Stored items
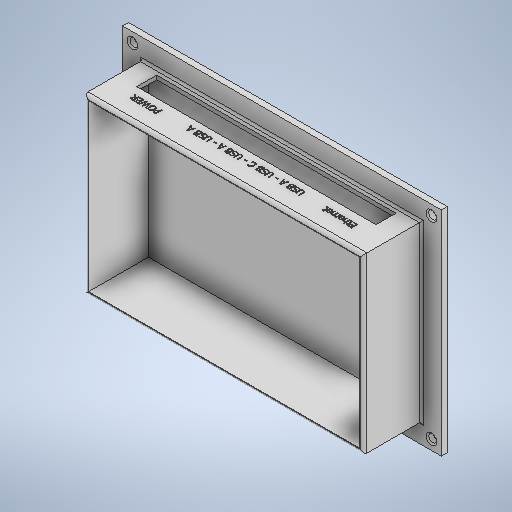
# Autodesk Inventor part: DS Holder
Saved by Autodesk Inventor 2025.1 (Build 291241000, 241)
## iProperties
Created: 2024-09-14
Part Number: DS Holder
Material: Generic
Document SubType Name: Modeling
Designer: ishaa
Density: 1 g/cm^3
Appearance: Default
Author: ishaa
## iProperties of the stored document DS Holder_3DPrint.ipt
Created: 2024-09-15
Part Number: DS Holder_3DPrint
Material: Generic
Document SubType Name: Modeling
Designer: ishaa
Density: 1 g/cm^3
Appearance: Default
Author: ishaa
Autodesk Inventor part; units mm, degrees
ref_plane "YZ Plane" through (0, 0, 0) normal (1, 0, 0) x (0, 1, 0)
ref_plane "XZ Plane" through (0, 0, 0) normal (0, 1, 0) x (-1, 0, 0)
ref_plane "XY Plane" through (0, 0, 0) normal (0, 0, 1) x (1, 0, 0)
sketch "Sketch1" plane through (0, 0, 0) normal (0, 0, 1) x (1, 0, 0)
  line L0 (-70, -43.5) -> (70, -43.5)
  line L1 (70, -43.5) -> (70, 43.5)
  line L2 (70, 43.5) -> (-70, 43.5)
  line L3 (-70, 43.5) -> (-70, -43.5)
  line L4 (-70, -43.5) -> (70, 43.5) construction
  line L5 (70, -43.5) -> (-70, 43.5) construction
  point P0 (0, 0)
  dimension "d0" = 140
  dimension "d1" = 87
  constraints: 12 end point, 2 midpoint, 2 parallel, 1 horizontal, 1 perpendicular
  measures "d0" distance of L2.end L1.end
  measures "d1" distance of L1.end L0.end
extrude "Extrusion1" add sketch "Sketch1" along normal blind 2
sketch "Sketch2" plane through (0, 0, 2) normal (0, 0, 1) x (1, 0, 0)
  line L0 (70, -43.5) -> (70, 43.5) projected
  line L1 (70, 43.5) -> (-70, 43.5) projected
  line L2 (-70, 43.5) -> (-70, -43.5) projected
  line L3 (-70, -43.5) -> (70, -43.5) projected
  line L4 (-68, 41.5) -> (68, 41.5)
  line L5 (68, 41.5) -> (68, -41.5)
  line L6 (68, -41.5) -> (-68, -41.5)
  line L7 (-68, -41.5) -> (-68, 41.5)
  point P0 (0, 0)
  dimension "d4" = 2
  constraints: 8 end point, 3 other
  measures "d4" distance between parallel lines of L1 L4
extrude "Extrusion2" add sketch "Sketch2" along normal blind 30
sketch "Sketch3" plane through (0, 0, 0) normal (0, 0, -1) x (-1, 0, 0)
  line L0 (-70, -43.5) -> (-70, 43.5) projected
  line L1 (70, -43.5) -> (-70, -43.5) projected
  line L2 (70, 43.5) -> (70, -43.5) projected
  line L3 (-70, 43.5) -> (70, 43.5) projected
  line L4 (80, -53.5) -> (-80, -53.5)
  line L5 (-80, -53.5) -> (-80, 53.5)
  line L6 (-80, 53.5) -> (80, 53.5)
  line L7 (80, 53.5) -> (80, -53.5)
  point P0 (0, 0)
  dimension "d7" = 10
  constraints: 8 end point, 3 other
  measures "d7" distance between parallel lines of L2 L7
extrude "Extrusion3" add sketch "Sketch3" against normal blind 3
sketch "Sketch4" plane through (-70, 43.5, 32) normal (0, 1, 0) x (1, 0, 0)
  line L0 (140, 29) -> (0, 29) projected
  line L1 (0, 29) -> (0, 0) projected
  line L2 (140, 0) -> (0, 0) projected
  line L3 (140, 29) -> (140, 0) projected
  line L4 (140, 0) -> (0, 29) construction
  line L5 (140, 29) -> (0, 0) construction
  line L6 (70, 0) -> (70, 29) construction
  line L7 (140, 14.5) -> (0, 14.5) construction
  line L8 (150, 29) -> (-10, 29) construction
  line L9 (70, 26.2) -> (0, 26.2) construction
  line L10 (70, 26.2) -> (140, 26.2) construction
  line L11 (130, 26.2) -> (10, 26.2)
  line L12 (10, 26.2) -> (10, 16.2)
  line L13 (10, 16.2) -> (130, 16.2)
  line L14 (130, 16.2) -> (130, 26.2)
  line L15 (130, 26.2) -> (10, 16.2) construction
  line L16 (10, 26.2) -> (130, 16.2) construction
  point P0 (70, 32)
  point P1 (70, 21.2)
  dimension "d10" = 2.8
  dimension "d11" = 5
  dimension "d12" = 120
  dimension "d13" = 10
  constraints: 24 end point, 7 midpoint, 5 point on line, 2 parallel, 2 perpendicular, 1 horizontal
  measures "d10" distance of point (70, 29) L9.start
  measures "d11" distance of L9.start point (70, 21.2)
  measures "d12" distance of L13.end L12.end
  measures "d13" distance of L12.end L11.end
extrude "Extrusion4" cut sketch "Sketch4" against normal blind 33.1625 contours L14 L13 L12 L11
sketch "Sketch5" plane through (-70, 43.5, 32) normal (0, 1, 0) x (1, 0, 0)
  line L0 (26.8965, 6.9615) -> (8.442, 6.9615) construction
  line L1 (8.442, 6.9615) -> (8.442, 14.5893) construction
  line L2 (8.442, 14.5893) -> (26.8965, 14.5893) construction
  line L3 (26.8965, 14.5893) -> (26.8965, 6.9615) construction
  line L4 (98.3767, 9.7911) -> (24.4359, 9.7911) construction
  line L5 (24.4359, 9.7911) -> (24.4359, 16.5578) construction
  line L6 (24.4359, 16.5578) -> (98.3767, 16.5578) construction
  line L7 (98.3767, 16.5578) -> (98.3767, 9.7911) construction
  line L8 (125.5663, 8.5608) -> (105.3894, 8.5608) construction
  line L9 (105.3894, 8.5608) -> (105.3894, 15.8196) construction
  line L10 (105.3894, 15.8196) -> (125.5663, 15.8196) construction
  line L11 (125.5663, 15.8196) -> (125.5663, 8.5608) construction
  line L12 (125.2575, 11.7447) -> (125.2575, 8.6967)
  line L13 (125.2575, 8.6967) -> (123.3507, 8.6967)
  line L14 (123.3507, 8.6967) -> (123.3507, 9.0573)
  line L15 (123.3507, 9.0573) -> (124.8524, 9.0573)
  line L16 (124.8524, 9.0573) -> (124.8524, 9.8922)
  line L17 (124.8524, 9.8922) -> (123.4519, 9.8922)
  line L18 (123.4519, 9.8922) -> (123.4519, 10.2528)
  line L19 (123.4519, 10.2528) -> (124.8524, 10.2528)
  line L20 (124.8524, 10.2528) -> (124.8524, 11.3841)
  line L21 (124.8524, 11.3841) -> (123.3507, 11.3841)
  line L22 (123.3507, 11.3841) -> (123.3507, 11.7447)
  line L23 (123.3507, 11.7447) -> (125.2575, 11.7447)
  spline S0 degree 2 poles (122.2441, 11.7892) (122.5578, 11.7892) (122.911, 11.431) (122.911, 11.0432) knots 0 0 0 1 2 2 2
  line L24 (122.911, 11.0432) -> (122.911, 9.7761)
  line L25 (122.911, 9.7761) -> (123.1704, 9.7761)
  line L26 (123.1704, 9.7761) -> (123.1704, 9.4575)
  line L27 (123.1704, 9.4575) -> (122.911, 9.4575)
  line L28 (122.911, 9.4575) -> (122.911, 8.8004)
  line L29 (122.911, 8.8004) -> (122.5257, 8.8004)
  line L30 (122.5257, 8.8004) -> (122.5257, 9.4575)
  line L31 (122.5257, 9.4575) -> (121.8168, 9.4575)
  line L32 (121.8168, 9.4575) -> (121.8168, 9.7761)
  line L33 (121.8168, 9.7761) -> (122.5257, 9.7761)
  line L34 (122.5257, 9.7761) -> (122.5257, 10.8654)
  spline S1 degree 2 poles (122.5257, 10.8654) (122.5257, 11.0383) (122.5133, 11.2285) (122.4713, 11.31) knots 0 0 0 1 2 2 2
  spline S2 degree 2 poles (122.4713, 11.31) (122.4368, 11.3816) (122.2812, 11.4532) (122.1478, 11.4532) knots 0 0 0 1 2 2 2
  spline S3 degree 2 poles (122.1478, 11.4532) (122.0539, 11.4532) (121.8785, 11.3964) (121.839, 11.3791) knots 0 0 0 1 2 2 2
  line L35 (121.839, 11.3791) -> (121.8168, 11.3791)
  line L36 (121.8168, 11.3791) -> (121.8168, 11.7249)
  spline S4 degree 2 poles (121.8168, 11.7249) (121.9255, 11.7546) (122.1478, 11.7892) (122.2441, 11.7892) knots 0 0 0 1 2 2 2
  line L37 (119.737, 11.7447) -> (120.1224, 11.7447)
  line L38 (120.1224, 11.7447) -> (120.1224, 10.4405)
  spline S5 degree 2 poles (120.1224, 10.4405) (120.1224, 10.2824) (120.152, 10.0107) (120.1965, 9.9292) knots 0 0 0 1 2 2 2
  spline S6 degree 2 poles (120.1965, 9.9292) (120.2434, 9.8428) (120.4114, 9.7588) (120.5546, 9.7588) knots 0 0 0 1 2 2 2
  spline S7 degree 2 poles (120.5546, 9.7588) (120.6979, 9.7588) (121.0017, 9.9119) (121.1474, 10.0354) knots 0 0 0 1 2 2 2
  line L39 (121.1474, 10.0354) -> (121.1474, 11.7447)
  line L40 (121.1474, 11.7447) -> (121.5327, 11.7447)
  line L41 (121.5327, 11.7447) -> (121.5327, 8.5608)
  line L42 (121.5327, 8.5608) -> (121.1474, 8.5608)
  line L43 (121.1474, 8.5608) -> (121.1474, 9.7119)
  spline S8 degree 2 poles (121.1474, 9.7119) (120.9745, 9.5563) (120.6411, 9.3932) (120.4533, 9.3932) knots 0 0 0 1 2 2 2
  spline S9 degree 2 poles (120.4533, 9.3932) (120.1174, 9.3932) (119.737, 9.8378) (119.737, 10.2602) knots 0 0 0 1 2 2 2
  line L44 (119.737, 10.2602) -> (119.737, 11.7447)
  spline S10 degree 2 poles (118.2032, 11.7966) (118.7515, 11.7966) (119.3542, 11.1815) (119.3542, 10.6134) knots 0 0 0 1 2 2 2
  spline S11 degree 2 poles (119.3542, 10.6134) (119.3542, 10.0552) (118.7688, 9.3932) (118.297, 9.3932) knots 0 0 0 1 2 2 2
  spline S12 degree 2 poles (118.297, 9.3932) (118.0846, 9.3932) (117.7561, 9.5167) (117.6351, 9.6477) knots 0 0 0 1 2 2 2
  spline S13 degree 2 poles (117.6351, 9.6477) (117.5116, 9.7786) (117.3806, 10.1565) (117.3806, 10.4306) knots 0 0 0 1 2 2 2
  line L45 (117.3806, 10.4306) -> (117.3806, 10.6406)
  line L46 (117.3806, 10.6406) -> (118.9639, 10.6406)
  spline S14 degree 2 poles (118.9639, 10.6406) (118.9639, 11.0383) (118.5638, 11.4606) (118.2081, 11.4606) knots 0 0 0 1 2 2 2
  spline S15 degree 2 poles (118.2081, 11.4606) (118.0821, 11.4606) (117.8376, 11.4038) (117.7388, 11.3594) knots 0 0 0 1 2 2 2
  spline S16 degree 2 poles (117.7388, 11.3594) (117.6351, 11.31) (117.4918, 11.2235) (117.4449, 11.184) knots 0 0 0 1 2 2 2
  line L47 (117.4449, 11.184) -> (117.4226, 11.184)
  line L48 (117.4226, 11.184) -> (117.4226, 11.6039)
  spline S17 degree 2 poles (117.4226, 11.6039) (117.4893, 11.6311) (117.6919, 11.7101) (117.7709, 11.7323) knots 0 0 0 1 2 2 2
  spline S18 degree 2 poles (117.7709, 11.7323) (117.8821, 11.7645) (118.0648, 11.7966) (118.2032, 11.7966) knots 0 0 0 1 2 2 2
  spline S19 degree 2 poles (117.7561, 10.3467) (117.761, 10.1911) (117.8252, 9.9638) (117.887, 9.8872) knots 0 0 0 1 2 2 2
  spline S20 degree 2 poles (117.887, 9.8872) (117.9537, 9.8008) (118.1636, 9.7094) (118.3193, 9.7094) knots 0 0 0 1 2 2 2
  spline S21 degree 2 poles (118.3193, 9.7094) (118.4724, 9.7094) (118.6873, 9.8008) (118.7762, 9.8897) knots 0 0 0 1 2 2 2
  spline S22 degree 2 poles (118.7762, 9.8897) (118.8627, 9.9811) (118.9516, 10.2009) (118.9639, 10.3467) knots 0 0 0 1 2 2 2
  line L49 (118.9639, 10.3467) -> (117.7561, 10.3467)
  line L50 (115.7776, 9.87) -> (115.7974, 9.87)
  spline S23 degree 2 poles (115.7974, 9.87) (115.8418, 9.8576) (115.9382, 9.8527) (116.0048, 9.8527) knots 0 0 0 1 2 2 2
  spline S24 degree 2 poles (116.0048, 9.8527) (116.1605, 9.8527) (116.4667, 9.9885) (116.6051, 10.1219) knots 0 0 0 1 2 2 2
  line L51 (116.6051, 10.1219) -> (116.6051, 11.7447)
  line L52 (116.6051, 11.7447) -> (116.9904, 11.7447)
  line L53 (116.9904, 11.7447) -> (116.9904, 9.4575)
  line L54 (116.9904, 9.4575) -> (116.6051, 9.4575)
  line L55 (116.6051, 9.4575) -> (116.6051, 9.7983)
  spline S25 degree 2 poles (116.6051, 9.7983) (116.3951, 9.6106) (116.0814, 9.4575) (115.9332, 9.4575) knots 0 0 0 1 2 2 2
  spline S26 degree 2 poles (115.9332, 9.4575) (115.8739, 9.4575) (115.8147, 9.4624) (115.7776, 9.4698) knots 0 0 0 1 2 2 2
  line L56 (115.7776, 9.4698) -> (115.7776, 9.87)
  line L57 (113.683, 11.7447) -> (114.0684, 11.7447)
  line L58 (114.0684, 11.7447) -> (114.0684, 10.4405)
  spline S27 degree 2 poles (114.0684, 10.4405) (114.0684, 10.2824) (114.098, 10.0107) (114.1425, 9.9292) knots 0 0 0 1 2 2 2
  spline S28 degree 2 poles (114.1425, 9.9292) (114.1894, 9.8428) (114.3573, 9.7588) (114.5006, 9.7588) knots 0 0 0 1 2 2 2
  spline S29 degree 2 poles (114.5006, 9.7588) (114.6439, 9.7588) (114.9477, 9.9119) (115.0934, 10.0354) knots 0 0 0 1 2 2 2
  line L59 (115.0934, 10.0354) -> (115.0934, 11.7447)
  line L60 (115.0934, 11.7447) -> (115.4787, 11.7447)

**What this task involves**
All that should be written out is the stretch of lines above between the one holding "0) x (0, 1, 0)" and the one holding "line L3 (-70, -43.5)", inclusive, exactly as given.

**Reply**
ref_plane "YZ Plane" through (0, 0, 0) normal (1, 0, 0) x (0, 1, 0)
ref_plane "XZ Plane" through (0, 0, 0) normal (0, 1, 0) x (-1, 0, 0)
ref_plane "XY Plane" through (0, 0, 0) normal (0, 0, 1) x (1, 0, 0)
sketch "Sketch1" plane through (0, 0, 0) normal (0, 0, 1) x (1, 0, 0)
  line L0 (-70, -43.5) -> (70, -43.5)
  line L1 (70, -43.5) -> (70, 43.5)
  line L2 (70, 43.5) -> (-70, 43.5)
  line L3 (-70, 43.5) -> (-70, -43.5)
  line L4 (-70, -43.5) -> (70, 43.5) construction
  line L5 (70, -43.5) -> (-70, 43.5) construction
  point P0 (0, 0)
  dimension "d0" = 140
  dimension "d1" = 87
  constraints: 12 end point, 2 midpoint, 2 parallel, 1 horizontal, 1 perpendicular
  measures "d0" distance of L2.end L1.end
  measures "d1" distance of L1.end L0.end
extrude "Extrusion1" add sketch "Sketch1" along normal blind 2
sketch "Sketch2" plane through (0, 0, 2) normal (0, 0, 1) x (1, 0, 0)
  line L0 (70, -43.5) -> (70, 43.5) projected
  line L1 (70, 43.5) -> (-70, 43.5) projected
  line L2 (-70, 43.5) -> (-70, -43.5) projected
  line L3 (-70, -43.5) -> (70, -43.5) projected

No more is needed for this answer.